# Skipper's Adventures - Week 7 Zip Lining over the RainForest



## FaeryBee (May 9, 2011)

*Dedicated to SPBudgie (Ollie) 

Zip Lining over the Rainforest

​*​


----------



## Jo Ann (Sep 3, 2011)

*Skippers*

This is too cute, Deb. It makes me want to snuggle and tickle him. What a warm fuzzy!!! Blessings, Jo Ann


----------



## kwatson (Jan 19, 2014)

Priceless , he is a handsome boy for sure


----------



## Cheeno (Nov 10, 2010)

What's this? I've been away working for a week and Skippy has become Skipper? Our boy is growing up. What heights will he aspire to? The highest if that harness thingy has anything to do with it.


----------



## LynandIndigo (Jan 21, 2012)

Deb Skippy is so cute and adorable...


----------



## AnimalKaperz (Jun 19, 2012)

Goodness he is a cutie patootie! 

And, he is definitely braver than me .... jumping out of a perfectly good plane with a handkerchief and a few straps on is something that'll NEVER happen to me! :laughing:


----------



## Jonah (Feb 3, 2013)

Should have known Skipper would do some Zip Lining....He has the chilled out look on his face like....this is a cakewalk...


----------



## BudgieBudds (Feb 15, 2014)

Man he's adorable!
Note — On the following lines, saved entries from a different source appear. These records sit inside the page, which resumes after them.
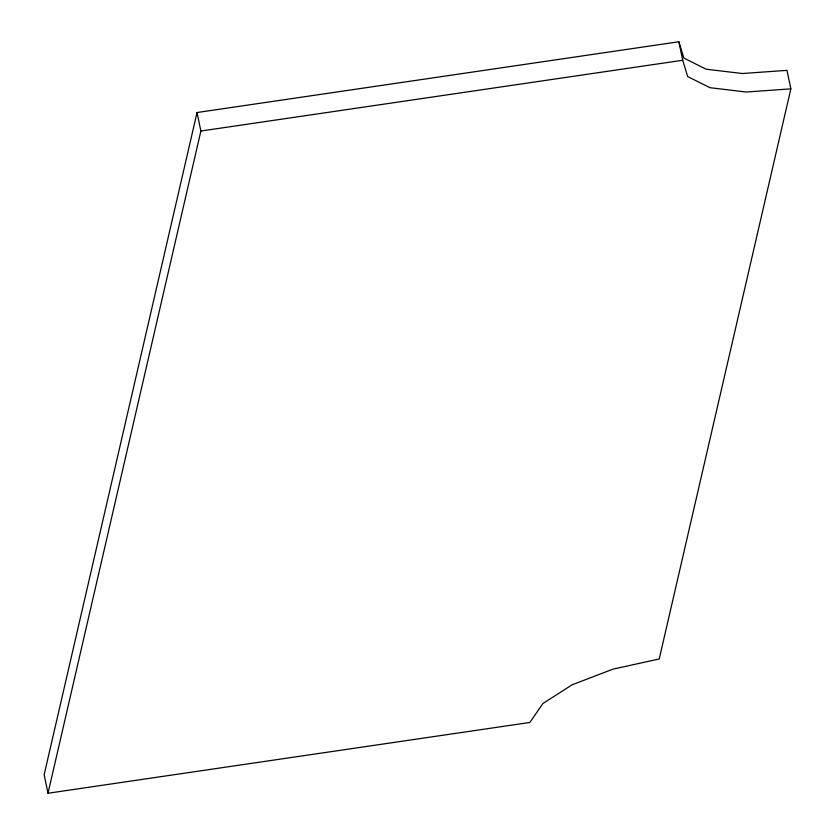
<?xml version="1.0" encoding="UTF-8"?>
<svg xmlns="http://www.w3.org/2000/svg" width="835" height="835" viewBox="0 0 835 835"><rect width="100%" height="100%" fill="white"/><g stroke="black" fill="none" stroke-linecap="round" stroke-linejoin="round"><path stroke-width="1.25" d="M197.039 112.527L44.151 774.744L48.002 793.25L529.818 722.473L542.927 703.519L572.121 684.804L612.963 669.159L659.222 658.972L790.849 88.854L786.998 70.359L742.357 73.522L706.128 69.201L683.834 58.043L678.865 41.75L197.039 112.527L200.88 131.032L48.002 793.25M200.88 131.032L682.706 60.256L687.675 76.549L709.98 87.706L746.208 92.027L790.849 88.854M678.865 41.75L682.706 60.256"/></g></svg>
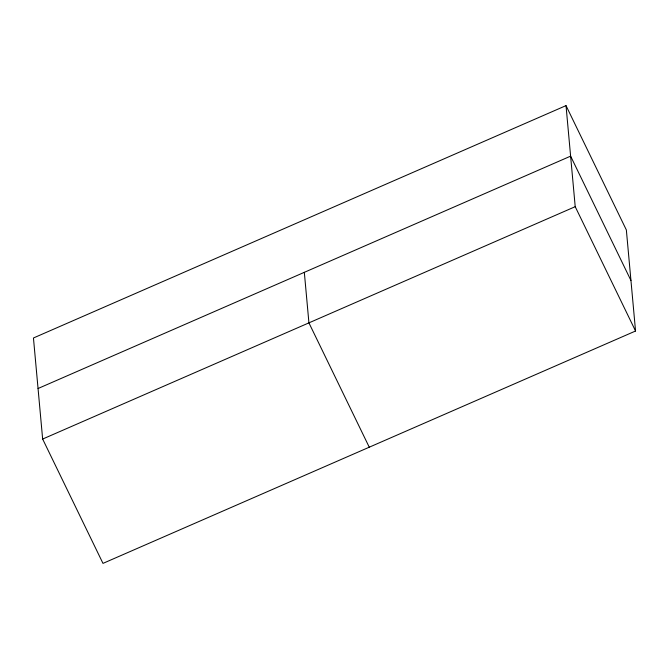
<?xml version="1.0" encoding="UTF-8"?>
<svg xmlns="http://www.w3.org/2000/svg" width="669" height="669" viewBox="0 0 669 669"><rect width="100%" height="100%" fill="white"/><g stroke="black" fill="none" stroke-linecap="round" stroke-linejoin="round"><path stroke-width="1" d="M566.016 105.618L33.45 337.987L42.649 439.048L102.984 563.382L635.55 331.013L626.351 229.952L566.016 105.618L575.215 206.679L635.55 331.013M38.049 388.513L570.615 156.145L630.951 280.487M42.649 439.048L575.215 206.679M369.263 447.201L308.927 322.859L304.328 272.333"/></g></svg>
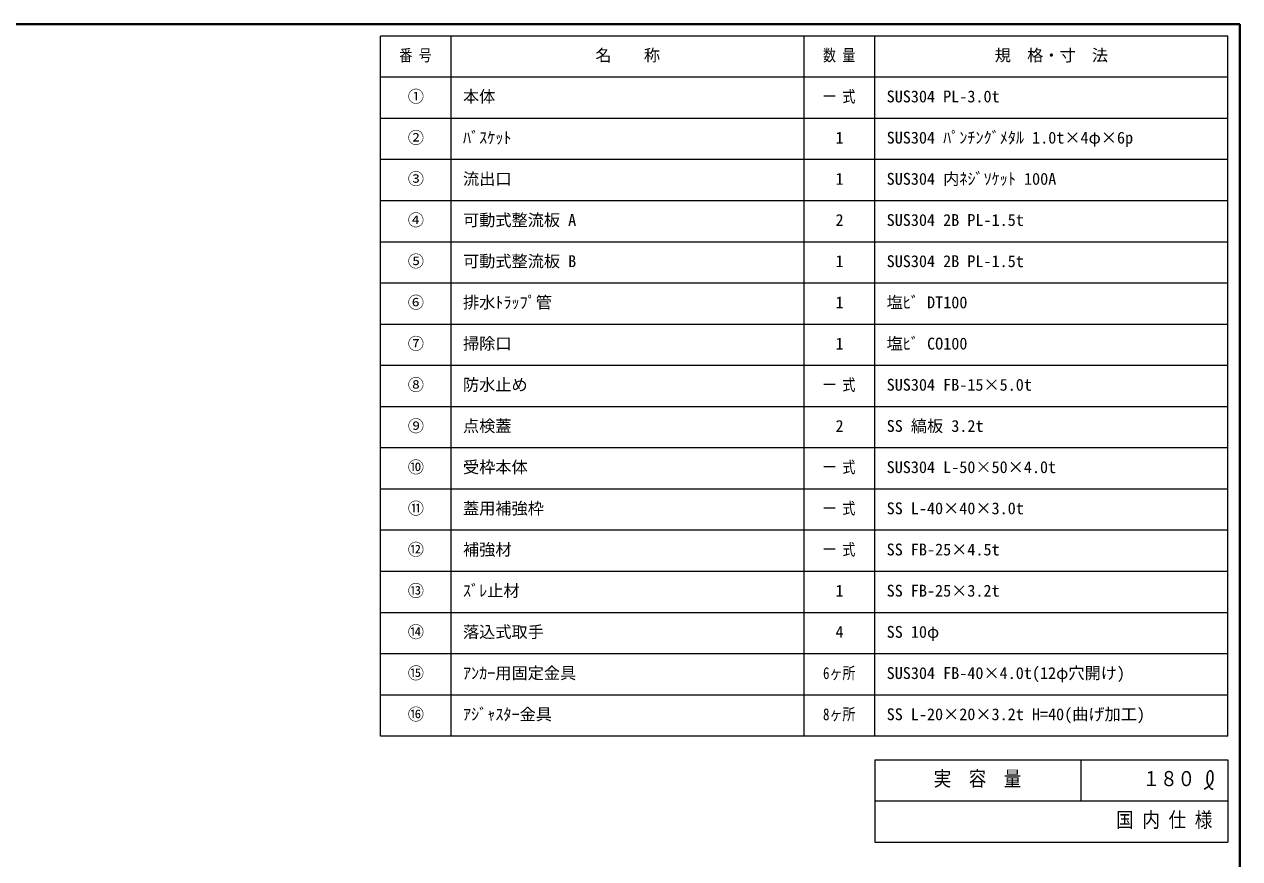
# Model space of a CAD drawing. Units: millimetres at full size, sheet at 1:15; details may follow other scales. Extents: x -3184 to 2891, y -2037 to 2178.
# Drawn here: x -207 to 2891, y 51 to 2178 of the extents above; entities that cross this region are included whole.
import ezdxf
from ezdxf.enums import TextEntityAlignment as Align

# ---------------------------------------------------------------- set-up
doc = ezdxf.new("R2010")
doc.units = ezdxf.units.MM
doc.header["$LTSCALE"] = 15
doc.layers.add('0-0', color=4, linetype='Continuous', lineweight=9)
doc.styles.add('ＭＳ ゴシック', font='')
doc.styles.get('ＭＳ ゴシック').set_extended_font_data('MS Gothic')

msp = doc.modelspace()

# ---------------------------------------------------------------- linework, layer by layer
at = {"layer": '0-0', "color": 1, "lineweight": 40}
for p, q in [((2890.8, 2177.87), (-3184.2, 2177.87)), ((2890.8, -2037.13), (2890.8, 2177.87))]:
    msp.add_line(p, q, dxfattribs=at)
at = {"layer": '0-0', "color": 3, "lineweight": 18}
for p, q in [((2860.8, 2147.87), (700.8, 2147.87)), ((700.8, 362.87), (700.8, 2147.87)), ((880.8, 362.87), (880.8, 2147.87)), ((1780.8, 362.87), (1780.8, 2147.87)), ((1960.8, 362.87), (1960.8, 2147.87)), ((2860.8, 362.87), (2860.8, 2147.87)), ((2860.8, 2042.87), (700.8, 2042.87)), ((2860.8, 1937.87), (700.8, 1937.87)), ((2860.8, 1832.87), (700.8, 1832.87)), ((2860.8, 1727.87), (700.8, 1727.87)), ((2860.8, 1622.87), (700.8, 1622.87)), ((2860.8, 1517.87), (700.8, 1517.87)), ((2860.8, 1412.87), (700.8, 1412.87)), ((2860.8, 1307.87), (700.8, 1307.87)), ((2860.8, 1202.87), (700.8, 1202.87)), ((2860.8, 1097.87), (700.8, 1097.87)), ((2860.8, 992.87), (700.8, 992.87)), ((2860.8, 887.87), (700.8, 887.87)), ((2860.8, 782.87), (700.8, 782.87)), ((2860.8, 677.87), (700.8, 677.87)), ((2860.8, 572.87), (700.8, 572.87)), ((2860.8, 467.87), (700.8, 467.87)), ((2860.8, 362.87), (700.8, 362.87)), ((1960.8, 302.87), (2860.8, 302.87)), ((1960.8, 302.87), (1960.8, 92.87)), ((2485.8, 302.87), (2485.8, 197.87)), ((2860.8, 302.87), (2860.8, 92.87)), ((1960.8, 197.87), (2860.8, 197.87)), ((1960.8, 92.87), (2860.8, 92.87))]:
    msp.add_line(p, q, dxfattribs=at)
at = {"layer": '0-0', "color": 5, "lineweight": 25}
for points in [[(2800.35, 227.86), (2801.58, 228.57), (2803.68, 229.79), (2805.76, 231.05), (2807.82, 232.35), (2809.83, 233.73), (2811.79, 235.19), (2812.89, 236.08), (2813.7, 236.78), (2815.06, 238.03), (2816.35, 239.36), (2817.54, 240.76), (2818.63, 242.23), (2819.59, 243.78), (2820.09, 244.72), (2820.44, 245.48), (2820.98, 246.83), (2821.42, 248.22), (2821.78, 249.63), (2822.06, 251.07), (2822.26, 252.51), (2822.35, 253.35), (2822.41, 254.22), (2822.48, 255.71), (2822.49, 257.2), (2822.47, 258.7), (2822.42, 260.2), (2822.37, 261.72), (2822.35, 262.6), (2822.32, 263.53), (2822.26, 265.14), (2822.13, 266.73), (2821.88, 268.29), (2821.46, 269.81), (2820.8, 271.25), (2820.29, 272.05), (2819.97, 272.48), (2819.34, 273.18), (2818.64, 273.8), (2817.88, 274.31)], [(2817.88, 274.31), (2817.08, 274.69), (2816.25, 274.9), (2815.77, 274.93), (2815.37, 274.91), (2814.68, 274.76), (2814.01, 274.49), (2813.36, 274.13), (2812.75, 273.69), (2812.17, 273.19), (2811.86, 272.88), (2811.43, 272.39), (2810.79, 271.5), (2810.25, 270.56), (2809.8, 269.58), (2809.43, 268.56), (2809.14, 267.52), (2808.99, 266.92), (2808.82, 266.15), (2808.59, 264.83), (2808.4, 263.5), (2808.26, 262.16), (2808.13, 260.82), (2808.02, 259.48), (2807.96, 258.69), (2807.88, 257.76), (2807.75, 256.15), (2807.64, 254.55), (2807.57, 252.94), (2807.57, 251.34), (2807.65, 249.75), (2807.75, 248.83), (2807.87, 248.03), (2808.14, 246.66), (2808.49, 245.31), (2808.91, 243.97), (2809.38, 242.65), (2809.9, 241.35), (2810.22, 240.61), (2810.46, 240.07)], [(2810.46, 240.07), (2810.89, 239.15), (2811.33, 238.25), (2811.8, 237.35), (2812.28, 236.46), (2812.79, 235.57), (2813.1, 235.06), (2813.46, 234.46), (2814.12, 233.44), (2814.83, 232.46), (2815.58, 231.53), (2816.4, 230.67), (2817.28, 229.9), (2817.83, 229.51), (2818.29, 229.21), (2819.14, 228.75), (2820.02, 228.36), (2820.93, 228.01), (2821.87, 227.7), (2822.82, 227.41), (2823.38, 227.24)]]:
    msp.add_lwpolyline(points, dxfattribs=at)

# ---------------------------------------------------------------- texts
at = {"layer": '0-0', "color": 7, "style": 'ＭＳ ゴシック'}
for s, height, width, p in [('番 号', 30.24, 0.8, (748.61, 2074.74)), ('数 量', 30.24, 0.8, (1828.61, 2074.74)), ('一 式', 30.24, 0.8, (1828.61, 1969.74)), ('一 式', 30.24, 0.8, (1828.61, 1234.74)), ('一 式', 30.24, 0.8, (1828.61, 1024.74)), ('一 式', 30.24, 0.8, (1828.61, 919.74)), ('一 式', 30.24, 0.8, (1828.61, 814.74)), ('6ヶ所', 30.24, 0.8, (1828.61, 499.74)), ('8ヶ所', 30.24, 0.8, (1828.61, 394.74)), ('実\u3000容\u3000量', 38.49, 0.85, (2110.8, 224.12)), ('１８０', 38.49, 0.85, (2643.3, 224.12)), ('国 内 仕 様', 38.49, 0.85, (2575.8, 119.12))]:
    msp.add_text(s, height=height, dxfattribs=dict(at, width=width)).set_placement(p, align=Align.BOTTOM_LEFT)
for s, p in [('名\u3000\u3000称', (1248.3, 2074.74)), ('規\u3000格・寸\u3000法', (2266.42, 2074.74)), ('①', (770.17, 1969.74)), ('本体', (910.8, 1969.74)), ('SUS304 PL-3.0t', (1990.8, 1969.74)), ('②', (770.17, 1864.74)), ('ﾊﾞｽｹｯﾄ', (910.8, 1864.74)), ('1', (1860.49, 1864.74)), ('SUS304 ﾊﾟﾝﾁﾝｸﾞﾒﾀﾙ 1.0t×4φ×6p', (1990.8, 1864.74)), ('③', (770.17, 1759.74)), ('流出口', (910.8, 1759.74)), ('1', (1860.49, 1759.74)), ('SUS304 内ﾈｼﾞｿｹｯﾄ 100A', (1990.8, 1759.74)), ('④', (770.17, 1654.74)), ('可動式整流板 A', (910.8, 1654.74)), ('2', (1860.49, 1654.74)), ('SUS304 2B PL-1.5t', (1990.8, 1654.74)), ('⑤', (770.17, 1549.74)), ('可動式整流板 B', (910.8, 1549.74)), ('1', (1860.49, 1549.74)), ('SUS304 2B PL-1.5t', (1990.8, 1549.74)), ('⑥', (770.17, 1444.74)), ('排水ﾄﾗｯﾌﾟ管', (910.8, 1444.74)), ('塩ﾋﾞ DT100', (1990.8, 1444.74)), ('1', (1860.49, 1444.74)), ('⑦', (770.17, 1339.74)), ('掃除口', (910.8, 1339.74)), ('1', (1860.49, 1339.74)), ('塩ﾋﾞ CO100', (1990.8, 1339.74)), ('⑧', (770.17, 1234.74)), ('防水止め', (910.8, 1234.74)), ('SUS304 FB-15×5.0t', (1990.8, 1234.74)), ('⑨', (770.17, 1129.74)), ('点検蓋', (910.8, 1129.74)), ('2', (1860.49, 1129.74)), ('SS 縞板 3.2t', (1990.8, 1129.74)), ('⑩', (770.17, 1024.74)), ('受枠本体', (910.8, 1024.74)), ('SUS304 L-50×50×4.0t', (1990.8, 1024.74)), ('⑪', (770.17, 919.74)), ('蓋用補強枠', (910.8, 919.74)), ('SS L-40×40×3.0t', (1990.8, 919.74)), ('⑫', (770.17, 814.74)), ('補強材', (910.8, 814.74)), ('SS FB-25×4.5t', (1990.8, 814.74)), ('⑬', (770.17, 709.74)), ('ｽﾞﾚ止材', (910.8, 709.74)), ('1', (1860.49, 709.74)), ('SS FB-25×3.2t', (1990.8, 709.74)), ('⑭', (770.17, 604.74)), ('落込式取手', (910.8, 604.74)), ('4', (1860.49, 604.74)), ('SS 10φ', (1990.8, 604.74)), ('⑮', (770.17, 499.74)), ('ｱﾝｶｰ用固定金具', (910.8, 499.74)), ('SUS304 FB-40×4.0t(12φ穴開け)', (1990.8, 499.74)), ('⑯', (770.17, 394.74)), ('ｱｼﾞｬｽﾀｰ金具', (910.8, 394.74)), ('SS L-20×20×3.2t H=40(曲げ加工)', (1990.8, 394.74))]:
    msp.add_text(s, height=30.24, dxfattribs=at).set_placement(p, align=Align.BOTTOM_LEFT)

doc.saveas('drawing.dxf')

I can't get enough of him!!


----------



## aluz (Jul 24, 2011)

Skippy is so adventurous, he looks extra cute with his zip lining gear!


----------



## Budget baby (Jan 1, 2013)

Now that's what I call a FREE FLIGHT BUDGIE. How relaxed and chilled does this little guy look I ask? Too cute for words DEB


----------



## FaeryBee (May 9, 2011)

*My Momma is too afraid to try this but Zip Lining is LOTS of fun and you can go really fast! Wheeeee!*


----------



## Jedikeet (Feb 3, 2014)

I want my very own GI Skipper action figure for Xmas!


----------



## Budget baby (Jan 1, 2013)

OH and Skippy in leather does make the girls go OOOHHHHH I'm sure Not to mention Nick


----------



## Trimath (Jan 10, 2013)

Skipper is so brave and daring, showing what a big boy he is....... but I just want to tickle those cute little feet poking out of his harness!


----------



## SPBudgie (Nov 11, 2008)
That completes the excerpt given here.